Enabling Unstructured Sparse Acceleration on Structured Sparse Accelerators
This addresses the problem of hardware compatibility and efficiency for AI practitioners using sparse neural networks, offering a practical solution that is incremental in improving existing structured sparse accelerators.
The paper tackles the inflexibility of structured sparsity in deep neural network accelerators by proposing an approximation method to convert unstructured sparsity into structured forms, enabling acceleration without fine-tuning and achieving up to 83% energy-delay-product improvement and 39% speed-up on real hardware.

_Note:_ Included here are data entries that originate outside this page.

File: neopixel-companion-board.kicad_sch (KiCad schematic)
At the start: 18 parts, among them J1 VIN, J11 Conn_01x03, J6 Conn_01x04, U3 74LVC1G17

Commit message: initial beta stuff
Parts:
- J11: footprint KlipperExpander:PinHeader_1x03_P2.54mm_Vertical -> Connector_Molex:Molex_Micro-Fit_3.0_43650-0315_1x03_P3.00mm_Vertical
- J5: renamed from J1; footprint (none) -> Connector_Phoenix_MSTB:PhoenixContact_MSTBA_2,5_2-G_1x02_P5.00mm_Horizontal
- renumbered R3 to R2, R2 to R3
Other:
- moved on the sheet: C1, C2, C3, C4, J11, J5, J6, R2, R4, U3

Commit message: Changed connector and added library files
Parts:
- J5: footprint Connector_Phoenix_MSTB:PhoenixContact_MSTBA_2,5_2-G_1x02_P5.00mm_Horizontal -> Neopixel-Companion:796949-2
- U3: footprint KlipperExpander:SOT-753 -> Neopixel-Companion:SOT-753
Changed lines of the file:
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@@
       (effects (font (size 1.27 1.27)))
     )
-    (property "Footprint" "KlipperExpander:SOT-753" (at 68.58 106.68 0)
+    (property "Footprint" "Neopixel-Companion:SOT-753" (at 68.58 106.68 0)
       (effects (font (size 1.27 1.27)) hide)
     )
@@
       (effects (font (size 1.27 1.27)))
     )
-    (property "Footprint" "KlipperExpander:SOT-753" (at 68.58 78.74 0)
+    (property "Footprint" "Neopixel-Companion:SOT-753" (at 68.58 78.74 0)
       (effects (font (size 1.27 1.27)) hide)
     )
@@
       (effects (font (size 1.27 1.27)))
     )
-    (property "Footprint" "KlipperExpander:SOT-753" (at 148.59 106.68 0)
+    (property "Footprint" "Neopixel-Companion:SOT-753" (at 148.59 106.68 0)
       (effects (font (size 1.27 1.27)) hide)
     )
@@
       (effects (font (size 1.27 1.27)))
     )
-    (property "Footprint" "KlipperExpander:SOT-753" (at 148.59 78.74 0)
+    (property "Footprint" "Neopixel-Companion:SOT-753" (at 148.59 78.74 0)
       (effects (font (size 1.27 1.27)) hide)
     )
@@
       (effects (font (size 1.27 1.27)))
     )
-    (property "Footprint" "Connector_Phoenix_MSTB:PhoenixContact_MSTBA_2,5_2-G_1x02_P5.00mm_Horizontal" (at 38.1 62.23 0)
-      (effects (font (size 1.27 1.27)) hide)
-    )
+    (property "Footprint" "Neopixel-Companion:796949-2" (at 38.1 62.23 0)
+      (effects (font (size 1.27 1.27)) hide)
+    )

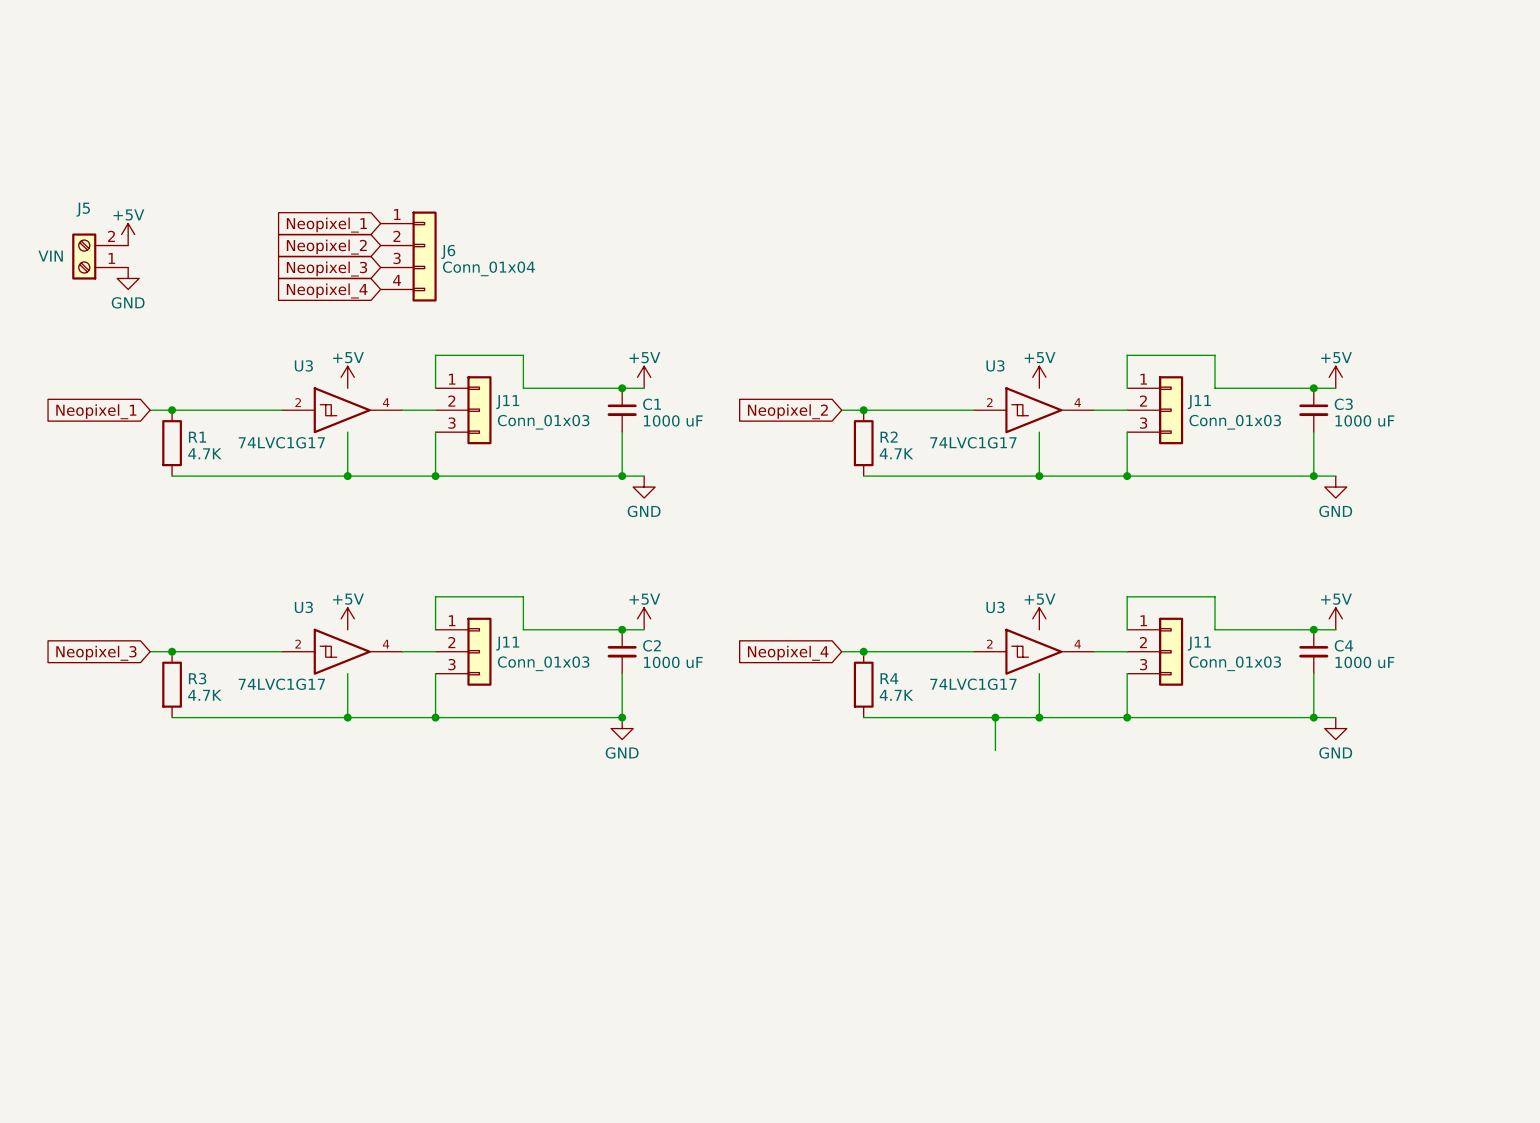
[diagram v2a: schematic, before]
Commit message: Replaced single schmitt triggers with a 4 bit level shifter
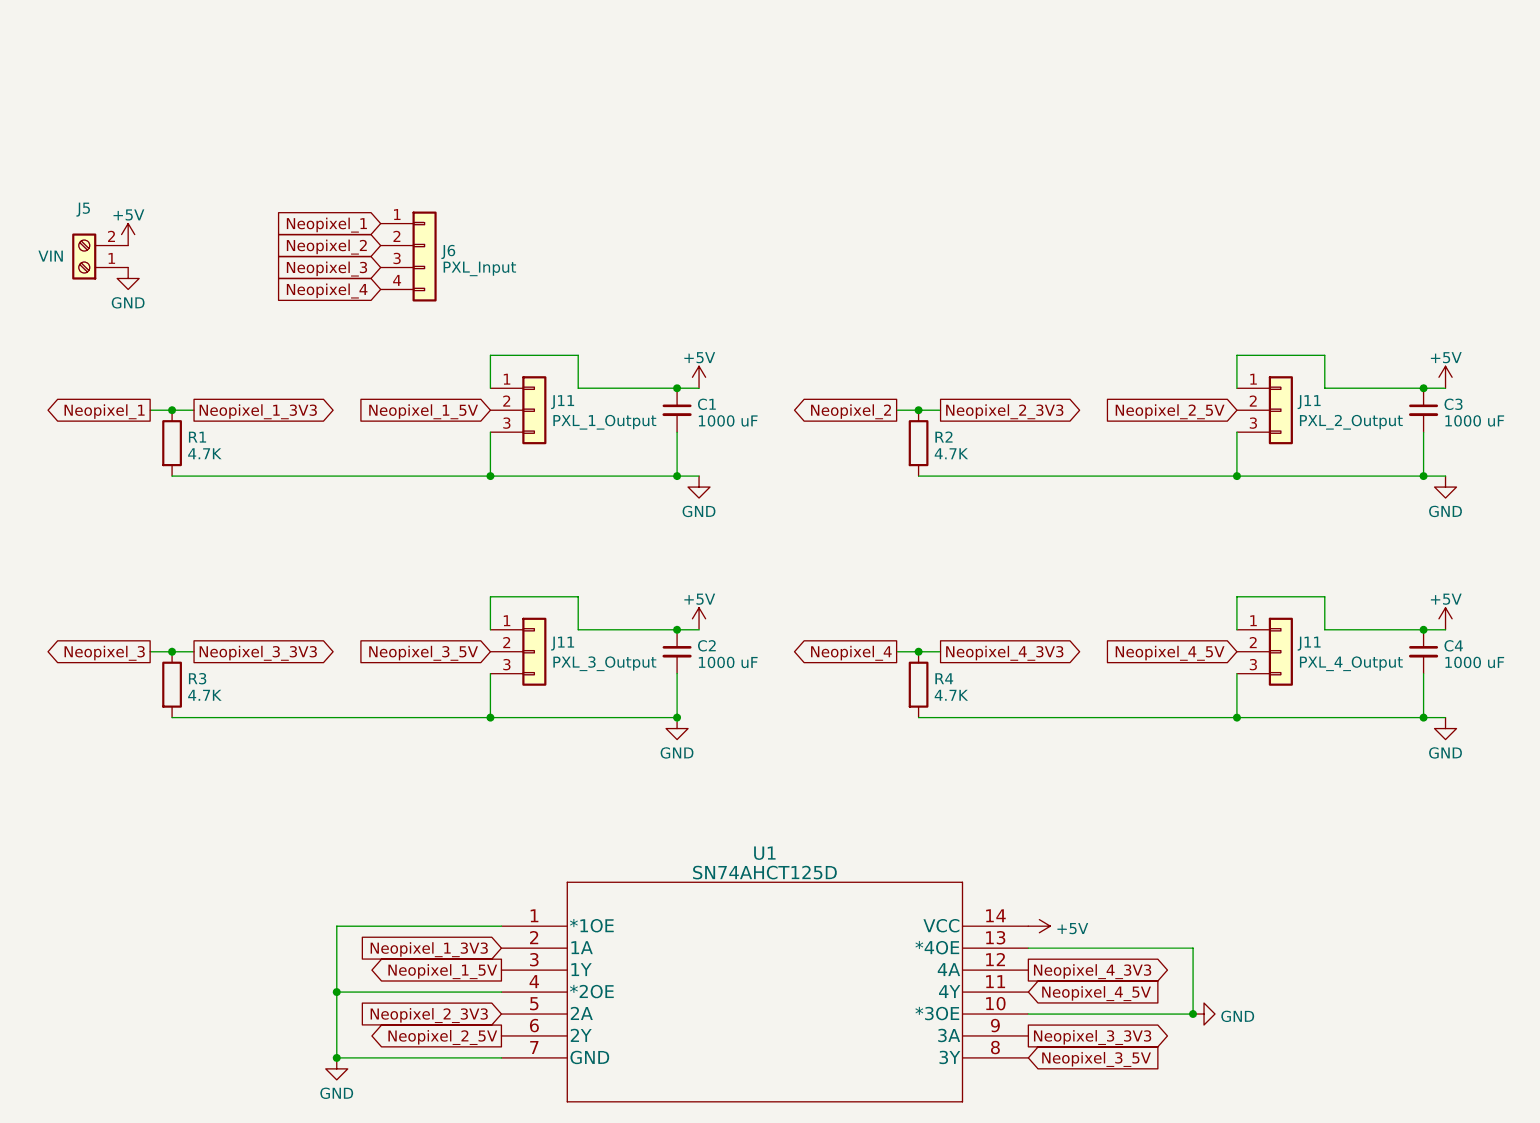
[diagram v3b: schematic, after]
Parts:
- removed U3 (x4): 74LVC1G17, Neopixel-Companion:SOT-753, symbol KlipperExpander:74LVC1G17
- added U1: SN74AHCT125D, Neopixel-Companion:SN74AHCT125D, symbol Ti-Extra:SN74AHCT125D
- J11: value Conn_01x03 -> PXL_2_Output
- J11: value Conn_01x03 -> PXL_1_Output
- J11: value Conn_01x03 -> PXL_4_Output
- J11: value Conn_01x03 -> PXL_3_Output
- J6: value Conn_01x04 -> PXL_Input
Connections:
- net +5V: now also U1.14 (VCC)
- net GND: now also U1.1 (*1OE), U1.10 (*3OE), U1.13 (*4OE), U1.4 (*2OE), U1.7 (GND)
- net Neopixel_1: now also U1.2 (1A)
- net Neopixel_2: now also U1.5 (2A)
- net Neopixel_3: now also U1.9 (3A)
- net Neopixel_4: now also U1.12 (4A)
- net Neopixel_3_5V: now reaches J11.2 (Pin_2)
- net Neopixel_3_5V: now also U1.8 (3Y)
- net Neopixel_1_5V: now reaches J11.2 (Pin_2)
- net Neopixel_1_5V: now also U1.3 (1Y)
- net Neopixel_4_5V: now reaches J11.2 (Pin_2)
- net Neopixel_4_5V: now also U1.11 (4Y)
- net Neopixel_2_5V: now reaches J11.2 (Pin_2)
- net Neopixel_2_5V: now also U1.6 (2Y)
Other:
- moved on the sheet: C1, C2, C3, C4, J11, R2, R4

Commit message: Added LCSC parts and gerbers
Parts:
- C1, C2, C3, C4: LCSC (none) -> C106511
- J11: symbol KlipperExpander:Conn_01x03 -> Connector_Generic:Conn_01x03; LCSC (none) -> C293546
- J5: LCSC (none) -> C430601
- J6: LCSC (none) -> C144395
- R1, R2, R3, R4: LCSC (none) -> C104821
- U1: LCSC (none) -> C155176
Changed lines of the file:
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@@
+      (effects (font (size 1.27 1.27)) hide)
+    )
+    (property "LCSC" "C104821" (at 48.26 82.55 0)
       (effects (font (size 1.27 1.27)) hide)
     )
@@
     )
     (property "Datasheet" "~" (at 77.47 59.69 0)
+      (effects (font (size 1.27 1.27)) hide)
+    )
+    (property "LCSC" "C144395" (at 77.47 59.69 0)
       (effects (font (size 1.27 1.27)) hide)
     )
@@
     )
   )
-  (symbol (lib_id "KlipperExpander:Conn_01x03") (at 176.53 78.74 0) (unit 1)
+  (symbol (lib_id "Connector_Generic:Conn_01x03") (at 176.53 78.74 0) (unit 1)
     (in_bom yes) (on_board yes) (dnp no)
     (property "Reference" "J11" (at 178.562 77.6732 0)
@@
     )
     (property "Datasheet" "~" (at 176.53 78.74 0)
+      (effects (font (size 1.27 1.27)) hide)
+    )
+    (property "LCSC" "C293546" (at 176.53 78.74 0)
       (effects (font (size 1.27 1.27)) hide)
     )
@@
     )
   )
-  (symbol (lib_id "KlipperExpander:Conn_01x03") (at 90.17 78.74 0) (unit 1)
+  (symbol (lib_id "Connector_Generic:Conn_01x03") (at 90.17 78.74 0) (unit 1)
     (in_bom yes) (on_board yes) (dnp no)
     (property "Reference" "J11" (at 92.202 77.6732 0)
@@
     )
     (property "Datasheet" "~" (at 90.17 78.74 0)
+      (effects (font (size 1.27 1.27)) hide)
+    )
+    (property "LCSC" "C293546" (at 90.17 78.74 0)
       (effects (font (size 1.27 1.27)) hide)
     )
@@
       (effects (font (size 1.27 1.27)) hide)
     )
+    (property "LCSC" "C106511" (at 193.04 106.68 0)
+      (effects (font (size 1.27 1.27)) hide)
+    )
     (pin "1")
     (pin "2")
@@
       (effects (font (size 1.27 1.27)) hide)
     )
+    (property "LCSC" "C104821" (at 134.62 110.49 0)
+      (effects (font (size 1.27 1.27)) hide)
+    )
     (pin "1")
     (pin "2")
@@
       (effects (font (size 1.27 1.27)) hide)
     )
+    (property "LCSC" "C106511" (at 106.68 106.68 0)
+      (effects (font (size 1.27 1.27)) hide)
+    )
     (pin "1")
     (pin "2")
@@
     )
     (property "Datasheet" "~" (at 134.62 82.55 0)
+      (effects (font (size 1.27 1.27)) hide)
+    )
+    (property "LCSC" "C104821" (at 134.62 82.55 0)
       (effects (font (size 1.27 1.27)) hide)
     )
@@
       (effects (font (size 1.27 1.27)) hide)
     )
+    (property "LCSC" "C106511" (at 106.68 78.74 0)
+      (effects (font (size 1.27 1.27)) hide)
+    )
     (pin "1")
     (pin "2")
@@
       (effects (font (size 1.27 1.27)) hide)
     )
+    (property "LCSC" "C106511" (at 193.04 78.74 0)
+      (effects (font (size 1.27 1.27)) hide)
+    )
     (pin "1")
     (pin "2")
@@
     )
   )
-  (symbol (lib_id "KlipperExpander:Conn_01x03") (at 176.53 106.68 0) (unit 1)
+  (symbol (lib_id "Connector_Generic:Conn_01x03") (at 176.53 106.68 0) (unit 1)
     (in_bom yes) (on_board yes) (dnp no)
     (property "Reference" "J11" (at 178.562 105.6132 0)
@@
     )
     (property "Datasheet" "~" (at 176.53 106.68 0)
+      (effects (font (size 1.27 1.27)) hide)
+    )
+    (property "LCSC" "C293546" (at 176.53 106.68 0)
       (effects (font (size 1.27 1.27)) hide)
     )
@@
     (property "Datasheet" "" (at 86.36 138.43 0)
       (effects (font (size 1.524 1.524)))
+    )
+    (property "LCSC" "C155176" (at 86.36 138.43 0)
+      (effects (font (size 1.27 1.27)) hide)
     )
     (pin "1")
@@
       (effects (font (size 1.27 1.27)) hide)
     )
+    (property "LCSC" "C430601" (at 38.1 62.23 0)
+      (effects (font (size 1.27 1.27)) hide)
+    )
     (pin "1")
     (pin "2")
@@
     )
   )
-  (symbol (lib_id "KlipperExpander:Conn_01x03") (at 90.17 106.68 0) (unit 1)
+  (symbol (lib_id "Connector_Generic:Conn_01x03") (at 90.17 106.68 0) (unit 1)
     (in_bom yes) (on_board yes) (dnp no)
     (property "Reference" "J11" (at 92.202 105.6132 0)
@@
     )
     (property "Datasheet" "~" (at 90.17 106.68 0)
+      (effects (font (size 1.27 1.27)) hide)
+    )
+    (property "LCSC" "C293546" (at 90.17 106.68 0)
       (effects (font (size 1.27 1.27)) hide)
     )
@@
       (effects (font (size 1.27 1.27)) hide)
     )
+    (property "LCSC" "C104821" (at 48.26 110.49 0)
+      (effects (font (size 1.27 1.27)) hide)
+    )

Exploiting sparsity in deep neural networks (DNNs) has been a promising area for meeting the growing computation requirements. To minimize the overhead of sparse acceleration, hardware designers have proposed structured sparsity support, but it provides limited flexibility and requires extra model fine-tuning. Moreover, any sparse model fine-tuned for certain structured sparse HW cannot be accelerated by other structured hardware. To enable acceleration using unstructured sparsity of DNNs on structured sparse hardware, we propose an approximation method leveraging the distributive property in linear algebra to turn any sparse tensor into a series of structured sparse tensors. We also develop a software framework, TASDER, to apply high-quality structured approximation on weights and activations of DNNs. Our method accelerates dense and sparse DNNs without fine-tuning and improves energy-delay-product (EDP) by up to 83% and 74%. It achieves up to 39% speed-up on a real system.